In en-masse retraction, the anterior segment comprising of canine and incisors are retracted by taking anchorage from the maxillary second premolar and the first molar. A force of about 350 gms was used for retraction. The number of teeth forming the anchorage unit is less. During retraction heavy forces are used to distalize the six anterior teeth. Inevitably the reciprocal force acting on the posterior teeth will also be high which causes mesialization of the anchorage unit. But in two-step retraction, the canine is retracted first until it contacts the second premolar. One anterior tooth is being retracted against two posterior teeth. Also, the force used to retract canine is low (150gms) and so will be the reactionary forces acting on the posterior teeth, hence, the anchorage loss is negligible following canine retraction. Canine is consolidated with the remaining posterior teeth forming a bigger anchorage unit. Following this the remaining incisors are retracted using sliding mechanics. As there is an increase in the number of teeth in the anchorage unit it disperses the load over a greater surface thereby decreasing the strain or distortion of the periodontal structures within the anchorage unit[17]. So the force acting per unit area of the anchorage unit is less than the threshold force required for tooth movement. Hence, the anchorage loss in twostep retraction was less as compared to en-masse retraction group. The anchorage loss, in sagittal dimension, in en-masse group as compared with that of the two-step retraction group at the end of space closure was significantly higher.

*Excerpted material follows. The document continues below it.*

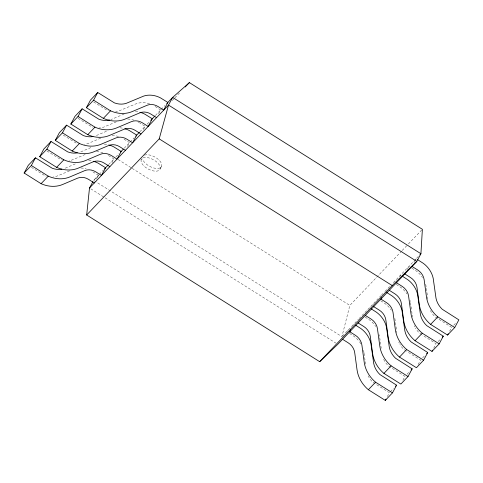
<?xml version="1.0" encoding="UTF-8"?>
<svg xmlns="http://www.w3.org/2000/svg" width="483" height="483" viewBox="0 0 483 483"><rect width="100%" height="100%" fill="white"/><g stroke="black" fill="none" stroke-linecap="round" stroke-linejoin="round"><path stroke-width="0.36" stroke-dasharray="2.42 1.81" d="M401.657 251.045L349.843 305.407L341.904 336.639L96.805 182.339M96.346 179.145L98.405 175.305L91.178 170.825M111.911 162.807L113.97 158.973L108.156 155.315M127.482 146.476L129.535 142.642L123.72 138.977M143.385 129.504L145.099 126.311L139.285 122.646M158.611 113.813L160.664 109.979L154.85 106.314M141.096 159.921L141.676 158.835M160.278 168.706L161.733 165.995M399.882 276.361L400.57 275.081M407.235 269.484L408.95 266.284L411.281 267.751M414.076 262.583L414.764 261.309M415.108 260.669L416.135 258.749M387.348 396.555L389.407 392.715L375.78 384.136M402.913 380.224L404.971 376.384L391.345 367.805M418.139 364.526L420.536 360.052L406.909 351.473M433.704 348.195L436.101 343.721L422.474 335.142M449.607 331.223L451.665 327.389L435.056 316.8A19.03 16.295 43.6 0 1 430.456 310.563M96.171 181.94L93.617 180.334L98.816 174.876M99.335 174.333L103.495 169.968M108.693 164.51L113.891 159.058M115.974 156.872L119.102 153.588M124.288 148.148L134.165 137.782M139.889 131.781L145.087 126.329M147.152 124.155L149.766 121.414M155.484 115.413L160.682 109.961M161.201 109.418L164.842 105.596M172.286 100.549L174.357 98.375M174.876 97.832L180.056 92.398M402.176 250.502L407.875 244.519M408.389 243.975L422.377 229.298M342.423 336.096L346.583 331.73M346.691 331.616L347.718 330.541M348.231 330.004L351.31 326.768M351.781 326.279L358.537 319.185M359.056 318.641L380.9 295.723M381.413 295.185L384.534 291.907M385.054 291.364L390.771 285.362M393.373 282.633L418.326 256.449M390.433 391.641L393.512 388.41M407.024 374.228L410.103 370.998M422.589 357.897L425.155 355.204M438.153 341.566L440.719 338.873M453.718 325.234L455.771 323.079M93.617 180.334L99.021 175.305M124.167 114.018L110.752 119.639M116.306 121.843L103.567 127.18A19.03 16.295 43.6 0 1 98.955 127.995M96.401 135.512L107.244 130.923M100.736 138.174L88.003 143.511A19.03 16.295 43.6 0 1 84.579 144.248M80.836 151.843L91.679 147.255M85.171 154.506L72.438 159.843A19.03 16.295 43.6 0 1 69.015 160.579M65.271 168.175L76.115 163.586M69.606 170.837L56.873 176.174A19.03 16.295 43.6 0 1 53.45 176.911M76.115 143.083L62.494 134.642M137.872 121.831L138.814 122.374M411.86 268.119L416.123 270.872A22.623 19.362 43.6 0 1 422.474 277.526M396.295 284.451L400.558 287.204A22.623 19.362 43.6 0 1 406.909 293.857M93.624 101.979L107.244 110.42A19.03 16.295 43.6 0 0 108.44 110.83M380.731 300.782L384.993 303.535A22.623 19.362 43.6 0 1 391.345 310.189M78.059 118.311L91.679 126.751A19.03 16.295 43.6 0 0 92.875 127.162M421.852 334.749L419.492 333.131A19.03 16.295 43.6 0 1 415.489 328.029M118.124 159.523L131.527 167.963M132.167 168.368L349.843 305.407M365.166 317.114L369.429 319.867A22.623 19.362 43.6 0 1 375.78 326.52M406.288 351.081L403.927 349.463A19.03 16.295 43.6 0 1 399.924 344.367M349.601 333.445L353.864 336.198A22.623 19.362 43.6 0 1 359.147 341.354M46.929 150.974L60.544 159.414A19.03 16.295 43.6 0 0 61.746 159.825M390.723 367.412L388.362 365.794A19.03 16.295 43.6 0 1 383.236 358.398M90.78 188.811L335.872 343.111M31.359 167.305L44.979 175.752A19.03 16.295 43.6 0 0 46.181 176.162M375.158 383.744L372.798 382.125A19.03 16.295 43.6 0 1 368.191 375.895M410.52 302.599L412.518 317.041M394.865 318.424L396.857 332.63M379.3 334.755L379.572 336.283M364.007 352.614L363.735 351.087A22.623 19.362 43.6 0 0 363.294 349.378M427.884 299.219L426 285.755A22.623 19.362 43.6 0 0 425.553 284.046M379.771 337.774L381.19 348.213M364.11 353.357L365.728 365.293M144.508 155.152A10.608 5.337 28.2 0 1 159.873 160.972A10.608 5.337 28.2 0 1 155.768 168.38A10.608 5.337 28.2 0 1 142.527 158.726M143.053 157.863A10.608 5.337 28.2 0 1 159.318 164.878A10.608 5.337 28.2 0 1 151.022 170.282A10.608 5.337 28.2 0 1 141.773 158.702M119.862 127.838A22.623 19.362 43.6 0 1 124.469 128.611M112.104 135.349A22.623 19.362 43.6 0 1 118.426 136.496M399.32 343.226A19.03 16.295 43.6 0 1 398.801 342.067M359.515 341.849A22.623 19.362 43.6 0 1 361.175 344.415M409.989 300.378A22.623 19.362 43.6 0 1 410.302 301.519M414.891 326.894A19.03 16.295 43.6 0 1 414.366 325.735M149.555 103.827A22.623 19.362 43.6 0 0 136.617 103.573L119.132 110.842A19.03 16.295 43.6 0 1 115.709 111.585M135.427 111.501A22.623 19.362 43.6 0 1 140.034 112.279M127.669 119.017A22.623 19.362 43.6 0 1 133.99 120.158M88.727 160.501A22.623 19.362 43.6 0 1 93.34 161.274M80.975 168.012A22.623 19.362 43.6 0 1 86.155 168.815M104.292 144.169A22.623 19.362 43.6 0 1 108.904 144.942M96.54 151.68A22.623 19.362 43.6 0 1 102.861 152.827"/><path stroke-width="0.72" d="M166.822 103.513L172.636 97.415L189.378 82.611L422.377 229.298L420.922 253.726L416.811 261.394L337.786 344.313L319.674 361.676L86.674 214.989L89.5 188.002L92.929 181.608M86.674 214.989L159.209 138.875L168.525 105.089L172.636 97.415L420.922 253.726L419.884 254.813M94.294 182.979L88.649 179.428A12.54 10.735 43.6 0 0 77.594 178.161L62.718 184.458A29.113 24.923 43.6 0 1 41.079 183.685L24.15 173.029L28.262 165.355L35.446 157.82L52.164 168.211A19.03 16.295 43.6 0 0 61.806 169.213M24.15 173.029L31.335 165.494L35.446 157.82M109.858 166.647L104.213 163.097A12.54 10.735 43.6 0 0 93.159 161.829L78.282 168.126A29.113 24.923 43.6 0 1 56.644 167.353L39.715 156.697L43.826 149.024L51.011 141.489L67.729 151.879A19.03 16.295 43.6 0 0 77.371 152.876M39.715 156.697L46.899 149.156L51.011 141.489M125.423 150.316L119.778 146.76A12.54 10.735 43.6 0 0 108.723 145.498L93.847 151.795A29.113 24.923 43.6 0 1 72.209 151.022L55.279 140.366L59.397 132.692L66.576 125.151L83.293 135.548A19.03 16.295 43.6 0 0 92.935 136.544M55.279 140.366L62.464 132.825L66.576 125.151M140.988 133.984L135.343 130.428A12.54 10.735 43.6 0 0 124.294 129.166L109.412 135.463A29.113 24.923 43.6 0 1 87.773 134.691L70.844 124.034L74.962 116.361L82.14 108.82L98.858 119.216A19.03 16.295 43.6 0 0 109.641 119.965M70.844 124.034L78.029 116.494L82.14 108.82M86.409 107.703L90.526 100.029L97.705 92.488L114.423 102.885A19.03 16.295 43.6 0 0 126.317 103.308L143.795 96.039A22.623 19.362 43.6 0 1 160.622 97.958L167.849 102.438L163.737 110.112L158.092 106.562A12.54 10.735 43.6 0 0 147.037 105.294L132.161 111.591A29.113 24.923 43.6 0 1 110.522 110.818L93.593 100.162L86.409 107.703L103.338 118.359A29.113 24.923 43.6 0 0 124.976 119.132L139.859 112.835A12.54 10.735 43.6 0 1 150.907 114.097L156.552 117.647M93.593 100.162L97.705 92.488M350.791 329.835L349.758 331.749L355.403 335.305A12.54 10.735 43.6 0 1 361.894 345.079L364.212 362.208A29.113 24.923 43.6 0 0 375.551 382.192L392.474 392.854L396.591 385.18L379.976 374.591A19.03 16.295 43.6 0 1 373.745 363.602L370.92 343.546A22.623 19.362 43.6 0 0 361.049 328.663L355.621 325.174M381.576 297.806L380.894 299.086L386.533 302.636A12.54 10.735 43.6 0 1 393.023 312.416L395.342 329.545A29.113 24.923 43.6 0 0 406.68 349.529L423.603 360.185L427.721 352.512L411.105 341.922A19.03 16.295 43.6 0 1 404.881 330.94L402.049 310.883A22.623 19.362 43.6 0 0 392.178 295.994L386.75 292.511M412.705 265.143L412.023 266.423L417.662 269.973A12.54 10.735 43.6 0 1 424.152 279.754L426.471 296.876A29.113 24.923 43.6 0 0 437.809 316.866L454.738 327.522L458.85 319.849L442.241 309.259A19.03 16.295 43.6 0 1 436.01 298.277L433.179 278.22A22.623 19.362 43.6 0 0 423.307 263.332L417.3 259.48M342.58 339.289L348.219 342.839A12.54 10.735 43.6 0 1 354.709 352.62L357.028 369.749A29.113 24.923 43.6 0 0 368.366 389.733L385.295 400.389L385.977 399.109M358.145 322.958L363.784 326.508A12.54 10.735 43.6 0 1 370.274 336.289L372.592 353.411A29.113 24.923 43.6 0 0 383.931 373.401L400.86 384.057L408.038 376.517L412.156 368.849L395.541 358.253A19.03 16.295 43.6 0 1 389.316 347.271L386.485 327.214A22.623 19.362 43.6 0 0 376.613 312.332L371.185 308.842M389.274 290.289L394.913 293.845A12.54 10.735 43.6 0 1 401.403 303.626L403.722 320.748A29.113 24.923 43.6 0 0 415.06 340.732L431.989 351.395L432.671 350.115M431.989 351.395L439.174 343.854L443.285 336.18L426.676 325.59A19.03 16.295 43.6 0 1 420.445 314.608L417.614 294.552A22.623 19.362 43.6 0 0 407.743 279.663L402.315 276.179M404.839 273.958L410.478 277.514A12.54 10.735 43.6 0 1 416.968 287.288L419.286 304.417A29.113 24.923 43.6 0 0 430.625 324.401L447.554 335.063L448.236 333.783M41.079 183.685L48.264 176.15A29.113 24.923 43.6 0 0 69.902 176.923L84.779 170.626A12.54 10.735 43.6 0 1 95.833 171.888L101.478 175.444L105.59 167.77L98.363 163.29A22.623 19.362 43.6 0 0 93.34 161.274M56.644 167.353L63.828 159.819A29.113 24.923 43.6 0 0 85.467 160.591L100.343 154.294A12.54 10.735 43.6 0 1 111.398 155.556L117.043 159.106L121.155 151.439L113.928 146.953A22.623 19.362 43.6 0 0 109.478 145.105M72.209 151.022L79.393 143.487A29.113 24.923 43.6 0 0 101.032 144.26L115.908 137.963A12.54 10.735 43.6 0 1 126.963 139.225L132.608 142.775L136.719 135.101L129.492 130.621A22.623 19.362 43.6 0 0 125.043 128.774M87.773 134.691L94.958 127.15A29.113 24.923 43.6 0 0 116.596 127.923L131.473 121.631A12.54 10.735 43.6 0 1 142.527 122.893L148.172 126.443L152.284 118.77L145.057 114.29A22.623 19.362 43.6 0 0 140.034 112.279M103.338 118.359L110.522 110.818M104.533 168.875L108.174 165.059M120.653 151.964L123.25 149.235M135.729 136.146L139.364 132.324M150.744 120.388L154.965 115.962M185.237 86.958L189.378 82.611M89.5 188.002L168.525 105.089L416.811 261.394L392.208 285.562L319.674 361.676M368.366 389.733L375.551 382.192M383.931 373.401L391.115 365.86A29.113 24.923 43.6 0 1 379.777 345.876L377.458 328.748A12.54 10.735 43.6 0 0 370.968 318.973L365.329 315.417M423.603 360.185L416.424 367.726L399.495 357.07L406.68 349.529M415.06 340.732L422.245 333.198A29.113 24.923 43.6 0 1 410.906 313.213L408.588 296.085A12.54 10.735 43.6 0 0 402.098 286.304L396.458 282.754M430.625 324.401L437.809 316.866M395.565 386.255L396.591 385.18M411.13 369.924L412.156 368.849M426.694 353.592L427.721 352.512M442.259 337.261L443.285 336.18M385.295 400.389L392.474 392.854M447.554 335.063L454.738 327.522M159.209 138.875L392.208 285.562M78.029 116.494L94.958 127.15M422.245 333.198L439.174 343.854M373.709 306.627L379.348 310.177A12.54 10.735 43.6 0 1 385.839 319.957L388.157 337.08A29.113 24.923 43.6 0 0 399.495 357.07M62.464 132.825L79.393 143.487M46.899 149.156L63.828 159.819M391.115 365.86L408.038 376.517M31.335 165.494L48.264 176.15"/></g></svg>

Anchorage loss was also seen in the vertical plane in both groups. But the anchorage loss in the en-masse group was statistically significant when compared with that of the two-step retraction group. (Table 2)(pvalue =0.045). To correct the deep bite condition, brackets in the anterior segment were bonded incisally. In an attempt to intrude the anterior teeth, the reciprocal force acts on the posterior teeth resulting in extrusion. The extrusion is a more commonly seen phenomenon than intrusion as intrusion requires the application of light controlled forces along the long axis of the teeth. This is hard to achieve in continuous archwire mechanics. If intrusion of one tooth is pitted against the extrusion of the other tooth then, extrusion will dominate[18].

Sagittal anchorage loss is always accompanied by some amount of extrusion of the molars. The changes seen in the vertical plane helps in maintaining the mandibular plane angle in cases where there is more sagittal movement of the molars. The change in the vertical plane is also attributed to the oro-facial musculature of the patients. The occlusal forces may neutralize the extrusive forces produced by the orthodontic appliance.

On measuring anchorage loss in the transverse dimension there was some amount of buccal flaring of the molars seen in both the retraction techniques. But, the difference was not significant. The preformed NiTi wire used in the initial stages of leveling and aligning of the teeth is usually wider than the arch width. Also, the curve of was spee in the wire used in order to open the bite and level the maxillary creates a moment at the buccal tube of the molars which results in buccal flaring. These could be possible reasons for changes in transverse dimension seen in both the retraction groups. But on statistical analysis, it was found that the change in transverse dimension was not significant. The results showed that the anchorage loss in en-masse retraction was statistically significant (p-value = 0.045) as compared with twostep retraction.

Conclusion

The results of the present study show that there was anchorage loss in the sagittal dimension and vertical dimension in both the retraction groups. But it was significantly higher in the en-masse retraction group when compared with the two-step retraction group. This is attributed to the number of teeth in the anchorage unit which is higher in the two-step retraction group when compared with the en-masse retraction group. The anchorage loss in the transverse dimension was similar for both groups.